Look through the material below and copy exactly the lines from the line with "#27958 = CARTESIAN_POINT" to the line with "#33266 = CARTESIAN_POINT", those two lines included.
--------------------------------
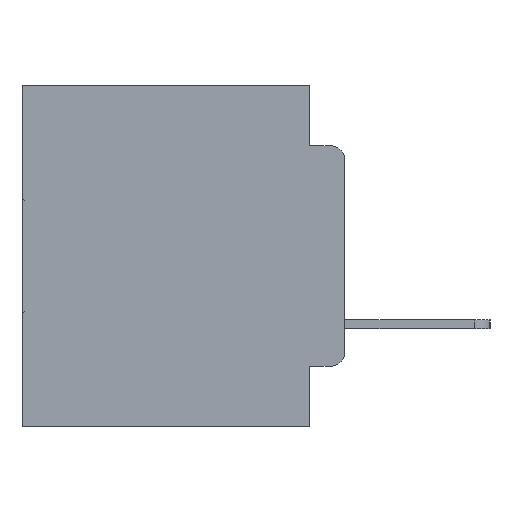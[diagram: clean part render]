
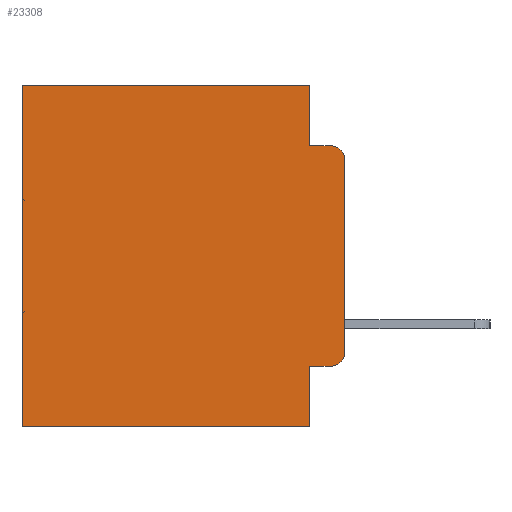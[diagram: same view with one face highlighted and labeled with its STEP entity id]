
A CAD part, left-side view. The second image highlights one B-rep face of the part: STEP entity #23308.
In plain terms, the highlighted planar face has unit normal (-1, 0, 0).
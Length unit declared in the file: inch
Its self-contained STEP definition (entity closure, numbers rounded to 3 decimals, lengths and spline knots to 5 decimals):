
#42 = LINE ( 'NONE', #16532, #29713 ) ;
#428 = ORIENTED_EDGE ( 'NONE', *, *, #16030, .T. ) ;
#885 = VECTOR ( 'NONE', #29651, 39.37008 ) ;
#1967 = PLANE ( 'NONE',  #27192 ) ;
#2775 = EDGE_LOOP ( 'NONE', ( #6258, #428, #13523, #24031, #18243, #27712, #28835, #12776, #24463, #5405 ) ) ;
#3248 = LINE ( 'NONE', #6320, #10290 ) ;
#4025 = DIRECTION ( 'NONE',  ( 0., 0., -1. ) ) ;
#5233 = LINE ( 'NONE', #20521, #30097 ) ;
#5405 = ORIENTED_EDGE ( 'NONE', *, *, #23279, .T. ) ;
#5618 = CARTESIAN_POINT ( 'NONE',  ( 0.298, 0., -0.5 ) ) ;
#5750 = LINE ( 'NONE', #26487, #29876 ) ;
#6051 = CARTESIAN_POINT ( 'NONE',  ( 0.298, 0.02, -0.0885 ) ) ;
#6056 = CARTESIAN_POINT ( 'NONE',  ( 0.298, 0.02, -0.1085 ) ) ;
#6069 = VERTEX_POINT ( 'NONE', #20152 ) ;
#6258 = ORIENTED_EDGE ( 'NONE', *, *, #8782, .F. ) ;
#6310 = EDGE_CURVE ( 'NONE', #8501, #8920, #3248, .T. ) ;
#6320 = CARTESIAN_POINT ( 'NONE',  ( 0.298, 0.051, 0. ) ) ;
#6696 = CARTESIAN_POINT ( 'NONE',  ( 0.298, 0., -0.3915 ) ) ;
#7062 = DIRECTION ( 'NONE',  ( 0., 0., -1. ) ) ;
#7342 = VECTOR ( 'NONE', #11982, 39.37008 ) ;
#8448 = DIRECTION ( 'NONE',  ( 0., 0., -1. ) ) ;
#8501 = VERTEX_POINT ( 'NONE', #10061 ) ;
#8782 = EDGE_CURVE ( 'NONE', #11065, #24695, #5233, .T. ) ;
#8920 = VERTEX_POINT ( 'NONE', #18668 ) ;
#9085 = CARTESIAN_POINT ( 'NONE',  ( 0.298, 0., 0. ) ) ;
#9512 = DIRECTION ( 'NONE',  ( 0., 0., -1. ) ) ;
#9682 = EDGE_CURVE ( 'NONE', #14597, #25173, #25380, .T. ) ;
#9813 = CARTESIAN_POINT ( 'NONE',  ( 0.298, 0.051, -0.0885 ) ) ;
#10061 = CARTESIAN_POINT ( 'NONE',  ( 0.298, 0.051, -0.4115 ) ) ;
#10290 = VECTOR ( 'NONE', #7062, 39.37008 ) ;
#10298 = CIRCLE ( 'NONE', #17363, 0.02 ) ;
#10490 = CARTESIAN_POINT ( 'NONE',  ( 0.298, 0., -0.1085 ) ) ;
#11065 = VERTEX_POINT ( 'NONE', #10490 ) ;
#11428 = DIRECTION ( 'NONE',  ( -1., 0., 0. ) ) ;
#11538 = DIRECTION ( 'NONE',  ( 1., 0., 0. ) ) ;
#11563 = VECTOR ( 'NONE', #26164, 39.37008 ) ;
#11617 = EDGE_CURVE ( 'NONE', #19181, #19148, #5750, .T. ) ;
#11982 = DIRECTION ( 'NONE',  ( 0., -1., 0. ) ) ;
#12575 = DIRECTION ( 'NONE',  ( 0., 1., 0. ) ) ;
#12776 = ORIENTED_EDGE ( 'NONE', *, *, #6310, .F. ) ;
#13457 = CARTESIAN_POINT ( 'NONE',  ( 0.298, 0.051, 0. ) ) ;
#13523 = ORIENTED_EDGE ( 'NONE', *, *, #9682, .F. ) ;
#14308 = EDGE_CURVE ( 'NONE', #19148, #19494, #42, .T. ) ;
#14597 = VERTEX_POINT ( 'NONE', #25034 ) ;
#16024 = CARTESIAN_POINT ( 'NONE',  ( 0.298, 0.051, 0. ) ) ;
#16030 = EDGE_CURVE ( 'NONE', #11065, #25173, #10298, .T. ) ;
#16532 = CARTESIAN_POINT ( 'NONE',  ( 0.298, 0.473, 0. ) ) ;
#17363 = AXIS2_PLACEMENT_3D ( 'NONE', #6056, #22505, #8448 ) ;
#18243 = ORIENTED_EDGE ( 'NONE', *, *, #11617, .T. ) ;
#18246 = CARTESIAN_POINT ( 'NONE',  ( 0.298, 0.473, 0. ) ) ;
#18668 = CARTESIAN_POINT ( 'NONE',  ( 0.298, 0.051, -0.5 ) ) ;
#19148 = VERTEX_POINT ( 'NONE', #18246 ) ;
#19181 = VERTEX_POINT ( 'NONE', #16024 ) ;
#19494 = VERTEX_POINT ( 'NONE', #22124 ) ;
#20152 = CARTESIAN_POINT ( 'NONE',  ( 0.298, 0.02, -0.4115 ) ) ;
#20440 = LINE ( 'NONE', #13457, #885 ) ;
#20521 = CARTESIAN_POINT ( 'NONE',  ( 0.298, 0., 0. ) ) ;
#20983 = AXIS2_PLACEMENT_3D ( 'NONE', #25351, #11428, #27691 ) ;
#22091 = DIRECTION ( 'NONE',  ( 0., 1., 0. ) ) ;
#22097 = EDGE_CURVE ( 'NONE', #19181, #14597, #20440, .T. ) ;
#22124 = CARTESIAN_POINT ( 'NONE',  ( 0.298, 0.473, -0.5 ) ) ;
#22505 = DIRECTION ( 'NONE',  ( -1., 0., 0. ) ) ;
#23279 = EDGE_CURVE ( 'NONE', #6069, #24695, #26820, .T. ) ;
#23308 = ADVANCED_FACE ( 'NONE', ( #26091 ), #1967, .F. ) ;
#24031 = ORIENTED_EDGE ( 'NONE', *, *, #22097, .F. ) ;
#24186 = EDGE_CURVE ( 'NONE', #8501, #6069, #26039, .T. ) ;
#24463 = ORIENTED_EDGE ( 'NONE', *, *, #24186, .T. ) ;
#24695 = VERTEX_POINT ( 'NONE', #6696 ) ;
#25034 = CARTESIAN_POINT ( 'NONE',  ( 0.298, 0.051, -0.0885 ) ) ;
#25173 = VERTEX_POINT ( 'NONE', #6051 ) ;
#25351 = CARTESIAN_POINT ( 'NONE',  ( 0.298, 0.02, -0.3915 ) ) ;
#25380 = LINE ( 'NONE', #9813, #11563 ) ;
#25892 = CARTESIAN_POINT ( 'NONE',  ( 0.298, 0.051, -0.4115 ) ) ;
#26039 = LINE ( 'NONE', #25892, #7342 ) ;
#26091 = FACE_OUTER_BOUND ( 'NONE', #2775, .T. ) ;
#26164 = DIRECTION ( 'NONE',  ( 0., -1., 0. ) ) ;
#26487 = CARTESIAN_POINT ( 'NONE',  ( 0.298, 0., 0. ) ) ;
#26820 = CIRCLE ( 'NONE', #20983, 0.02 ) ;
#27192 = AXIS2_PLACEMENT_3D ( 'NONE', #9085, #11538, #27785 ) ;
#27691 = DIRECTION ( 'NONE',  ( 0., 0., -1. ) ) ;
#27712 = ORIENTED_EDGE ( 'NONE', *, *, #14308, .T. ) ;
#27785 = DIRECTION ( 'NONE',  ( 0., 0., -1. ) ) ;
#28835 = ORIENTED_EDGE ( 'NONE', *, *, #29728, .F. ) ;
#29207 = LINE ( 'NONE', #5618, #29914 ) ;
#29651 = DIRECTION ( 'NONE',  ( 0., 0., -1. ) ) ;
#29713 = VECTOR ( 'NONE', #9512, 39.37008 ) ;
#29728 = EDGE_CURVE ( 'NONE', #8920, #19494, #29207, .T. ) ;
#29876 = VECTOR ( 'NONE', #12575, 39.37008 ) ;
#29914 = VECTOR ( 'NONE', #22091, 39.37008 ) ;
#30097 = VECTOR ( 'NONE', #4025, 39.37008 ) ;
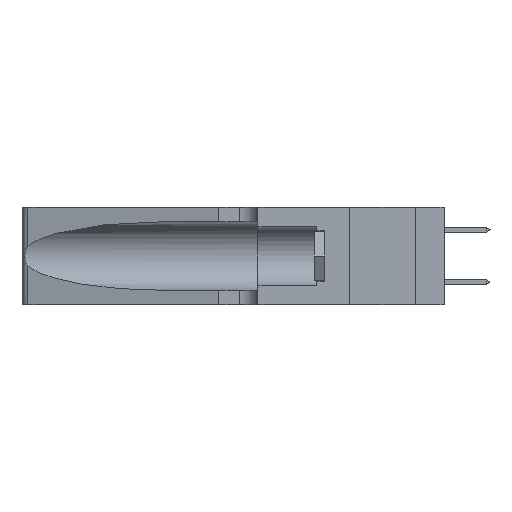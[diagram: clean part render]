
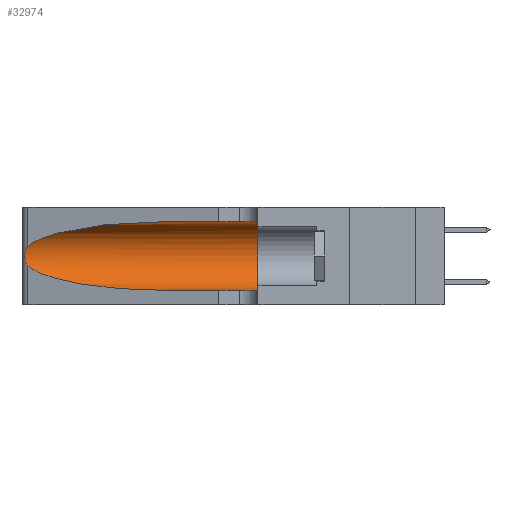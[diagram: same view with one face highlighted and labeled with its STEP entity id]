
A CAD part, left-side view. The second image highlights one B-rep face of the part: STEP entity #32974.
In plain terms, the highlighted cylindrical face has radius 3.308 mm (diameter 6.617 mm), a partial arc.
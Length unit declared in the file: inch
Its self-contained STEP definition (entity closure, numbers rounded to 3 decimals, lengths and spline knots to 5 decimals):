
#1305 =( BOUNDED_CURVE ( )  B_SPLINE_CURVE ( 3, ( #17013, #30799, #19829, #3034 ),
 .UNSPECIFIED., .F., .F. ) 
 B_SPLINE_CURVE_WITH_KNOTS ( ( 4, 4 ),
 ( 3.44316, 4.71239 ),
 .UNSPECIFIED. ) 
 CURVE ( )  GEOMETRIC_REPRESENTATION_ITEM ( )  RATIONAL_B_SPLINE_CURVE ( ( 1., 0.87, 0.87, 1. ) ) 
 REPRESENTATION_ITEM ( '' )  );
#1320 = ORIENTED_EDGE ( 'NONE', *, *, #35111, .T. ) ;
#1912 = CARTESIAN_POINT ( 'NONE',  ( 0.25487, 1.22718, 0.14631 ) ) ;
#2932 = DIRECTION ( 'NONE',  ( 0., -1., 0. ) ) ;
#3000 = CARTESIAN_POINT ( 'NONE',  ( 0.1305, 0.35, 0.05475 ) ) ;
#3034 = CARTESIAN_POINT ( 'NONE',  ( 0.1305, 0.72297, 0.05475 ) ) ;
#3299 = CARTESIAN_POINT ( 'NONE',  ( 0.1305, 1.61858, 0.05475 ) ) ;
#3545 = FACE_OUTER_BOUND ( 'NONE', #30296, .T. ) ;
#4568 = CARTESIAN_POINT ( 'NONE',  ( 0.25639, 1.23184, 0.21858 ) ) ;
#5175 = ORIENTED_EDGE ( 'NONE', *, *, #27342, .T. ) ;
#7381 = CARTESIAN_POINT ( 'NONE',  ( 0.25854, 1.2359, 0.20912 ) ) ;
#8943 = DIRECTION ( 'NONE',  ( 0., -1., 0. ) ) ;
#9652 = EDGE_CURVE ( 'NONE', #29975, #28914, #29373, .T. ) ;
#9747 = VERTEX_POINT ( 'NONE', #3000 ) ;
#10204 = CARTESIAN_POINT ( 'NONE',  ( 0.26075, 1.23896, 0.19203 ) ) ;
#10464 = CARTESIAN_POINT ( 'NONE',  ( 0.1305, 1.61858, 0.31525 ) ) ;
#12255 = ORIENTED_EDGE ( 'NONE', *, *, #9652, .F. ) ;
#13028 = CARTESIAN_POINT ( 'NONE',  ( 0.26017, 1.23833, 0.17102 ) ) ;
#13097 = VECTOR ( 'NONE', #8943, 39.37008 ) ;
#13705 = VECTOR ( 'NONE', #16730, 39.37008 ) ;
#14272 =( BOUNDED_CURVE ( )  B_SPLINE_CURVE ( 3, ( #26369, #29118, #31887, #15277 ),
 .UNSPECIFIED., .F., .F. ) 
 B_SPLINE_CURVE_WITH_KNOTS ( ( 4, 4 ),
 ( 1.5708, 2.84003 ),
 .UNSPECIFIED. ) 
 CURVE ( )  GEOMETRIC_REPRESENTATION_ITEM ( )  RATIONAL_B_SPLINE_CURVE ( ( 1., 0.87, 0.87, 1. ) ) 
 REPRESENTATION_ITEM ( '' )  );
#15277 = CARTESIAN_POINT ( 'NONE',  ( 0.25487, 1.22718, 0.22369 ) ) ;
#15714 = CARTESIAN_POINT ( 'NONE',  ( 0.25487, 1.22718, 0.22369 ) ) ;
#15837 = CARTESIAN_POINT ( 'NONE',  ( 0.25789, 1.23486, 0.15765 ) ) ;
#16027 = CARTESIAN_POINT ( 'NONE',  ( 0.1305, 0.35, 0.185 ) ) ;
#16691 = CYLINDRICAL_SURFACE ( 'NONE', #18265, 0.13025 ) ;
#16730 = DIRECTION ( 'NONE',  ( 0., -1., 0. ) ) ;
#17013 = CARTESIAN_POINT ( 'NONE',  ( 0.25487, 1.22718, 0.14631 ) ) ;
#18128 = CIRCLE ( 'NONE', #26756, 0.13025 ) ;
#18265 = AXIS2_PLACEMENT_3D ( 'NONE', #27958, #2932, #33510 ) ;
#18656 = CARTESIAN_POINT ( 'NONE',  ( 0.25555, 1.22993, 0.14849 ) ) ;
#18851 = DIRECTION ( 'NONE',  ( 0., 0., 1. ) ) ;
#19203 = CARTESIAN_POINT ( 'NONE',  ( 0.25487, 1.22718, 0.14631 ) ) ;
#19304 = VERTEX_POINT ( 'NONE', #19203 ) ;
#19829 = CARTESIAN_POINT ( 'NONE',  ( 0.18966, 0.96281, 0.05475 ) ) ;
#20335 = EDGE_CURVE ( 'NONE', #32470, #19304, #20780, .T. ) ;
#20780 = B_SPLINE_CURVE_WITH_KNOTS ( 'NONE', 3,
 ( #15714, #32335, #4568, #24113, #7381, #26914, #10204, #29645, #13028, #32451, #15837, #35235, #18656, #1912 ),
 .UNSPECIFIED., .F., .F.,
 ( 4, 2, 2, 2, 2, 2, 4 ),
 ( 0., 0.00027, 0.00053, 0.00107, 0.0016, 0.00187, 0.00214 ),
 .UNSPECIFIED. ) ;
#23195 = CARTESIAN_POINT ( 'NONE',  ( 0.1305, 0.72297, 0.31525 ) ) ;
#24113 = CARTESIAN_POINT ( 'NONE',  ( 0.25787, 1.23484, 0.2124 ) ) ;
#24352 = EDGE_CURVE ( 'NONE', #29975, #32470, #14272, .T. ) ;
#24858 = ORIENTED_EDGE ( 'NONE', *, *, #24352, .T. ) ;
#25903 = VERTEX_POINT ( 'NONE', #33266 ) ;
#26369 = CARTESIAN_POINT ( 'NONE',  ( 0.1305, 0.72297, 0.31525 ) ) ;
#26756 = AXIS2_PLACEMENT_3D ( 'NONE', #16027, #35423, #18851 ) ;
#26914 = CARTESIAN_POINT ( 'NONE',  ( 0.26018, 1.23835, 0.19895 ) ) ;
#27342 = EDGE_CURVE ( 'NONE', #19304, #25903, #1305, .T. ) ;
#27904 = LINE ( 'NONE', #3299, #13097 ) ;
#27958 = CARTESIAN_POINT ( 'NONE',  ( 0.1305, 1.61858, 0.185 ) ) ;
#28914 = VERTEX_POINT ( 'NONE', #34837 ) ;
#29065 = EDGE_CURVE ( 'NONE', #28914, #9747, #18128, .T. ) ;
#29118 = CARTESIAN_POINT ( 'NONE',  ( 0.18966, 0.96281, 0.31525 ) ) ;
#29373 = LINE ( 'NONE', #10464, #13705 ) ;
#29645 = CARTESIAN_POINT ( 'NONE',  ( 0.26075, 1.23896, 0.178 ) ) ;
#29975 = VERTEX_POINT ( 'NONE', #23195 ) ;
#30296 = EDGE_LOOP ( 'NONE', ( #24858, #33953, #5175, #1320, #31788, #12255 ) ) ;
#30799 = CARTESIAN_POINT ( 'NONE',  ( 0.2373, 1.15595, 0.08982 ) ) ;
#31212 = CARTESIAN_POINT ( 'NONE',  ( 0.25487, 1.22718, 0.22369 ) ) ;
#31788 = ORIENTED_EDGE ( 'NONE', *, *, #29065, .F. ) ;
#31887 = CARTESIAN_POINT ( 'NONE',  ( 0.2373, 1.15595, 0.28018 ) ) ;
#32335 = CARTESIAN_POINT ( 'NONE',  ( 0.25555, 1.22994, 0.2215 ) ) ;
#32451 = CARTESIAN_POINT ( 'NONE',  ( 0.25856, 1.23593, 0.16098 ) ) ;
#32470 = VERTEX_POINT ( 'NONE', #31212 ) ;
#32974 = ADVANCED_FACE ( 'NONE', ( #3545 ), #16691, .F. ) ;
#33266 = CARTESIAN_POINT ( 'NONE',  ( 0.1305, 0.72297, 0.05475 ) ) ;
#33510 = DIRECTION ( 'NONE',  ( 0., 0., -1. ) ) ;
#33953 = ORIENTED_EDGE ( 'NONE', *, *, #20335, .T. ) ;
#34837 = CARTESIAN_POINT ( 'NONE',  ( 0.1305, 0.35, 0.31525 ) ) ;
#35111 = EDGE_CURVE ( 'NONE', #25903, #9747, #27904, .T. ) ;
#35235 = CARTESIAN_POINT ( 'NONE',  ( 0.25639, 1.23186, 0.15144 ) ) ;
#35423 = DIRECTION ( 'NONE',  ( 0., 1., 0. ) ) ;
--------------------------------
**The completed task:**
#27958 = CARTESIAN_POINT ( 'NONE',  ( 0.1305, 1.61858, 0.185 ) ) ;
#28914 = VERTEX_POINT ( 'NONE', #34837 ) ;
#29065 = EDGE_CURVE ( 'NONE', #28914, #9747, #18128, .T. ) ;
#29118 = CARTESIAN_POINT ( 'NONE',  ( 0.18966, 0.96281, 0.31525 ) ) ;
#29373 = LINE ( 'NONE', #10464, #13705 ) ;
#29645 = CARTESIAN_POINT ( 'NONE',  ( 0.26075, 1.23896, 0.178 ) ) ;
#29975 = VERTEX_POINT ( 'NONE', #23195 ) ;
#30296 = EDGE_LOOP ( 'NONE', ( #24858, #33953, #5175, #1320, #31788, #12255 ) ) ;
#30799 = CARTESIAN_POINT ( 'NONE',  ( 0.2373, 1.15595, 0.08982 ) ) ;
#31212 = CARTESIAN_POINT ( 'NONE',  ( 0.25487, 1.22718, 0.22369 ) ) ;
#31788 = ORIENTED_EDGE ( 'NONE', *, *, #29065, .F. ) ;
#31887 = CARTESIAN_POINT ( 'NONE',  ( 0.2373, 1.15595, 0.28018 ) ) ;
#32335 = CARTESIAN_POINT ( 'NONE',  ( 0.25555, 1.22994, 0.2215 ) ) ;
#32451 = CARTESIAN_POINT ( 'NONE',  ( 0.25856, 1.23593, 0.16098 ) ) ;
#32470 = VERTEX_POINT ( 'NONE', #31212 ) ;
#32974 = ADVANCED_FACE ( 'NONE', ( #3545 ), #16691, .F. ) ;
#33266 = CARTESIAN_POINT ( 'NONE',  ( 0.1305, 0.72297, 0.05475 ) ) ;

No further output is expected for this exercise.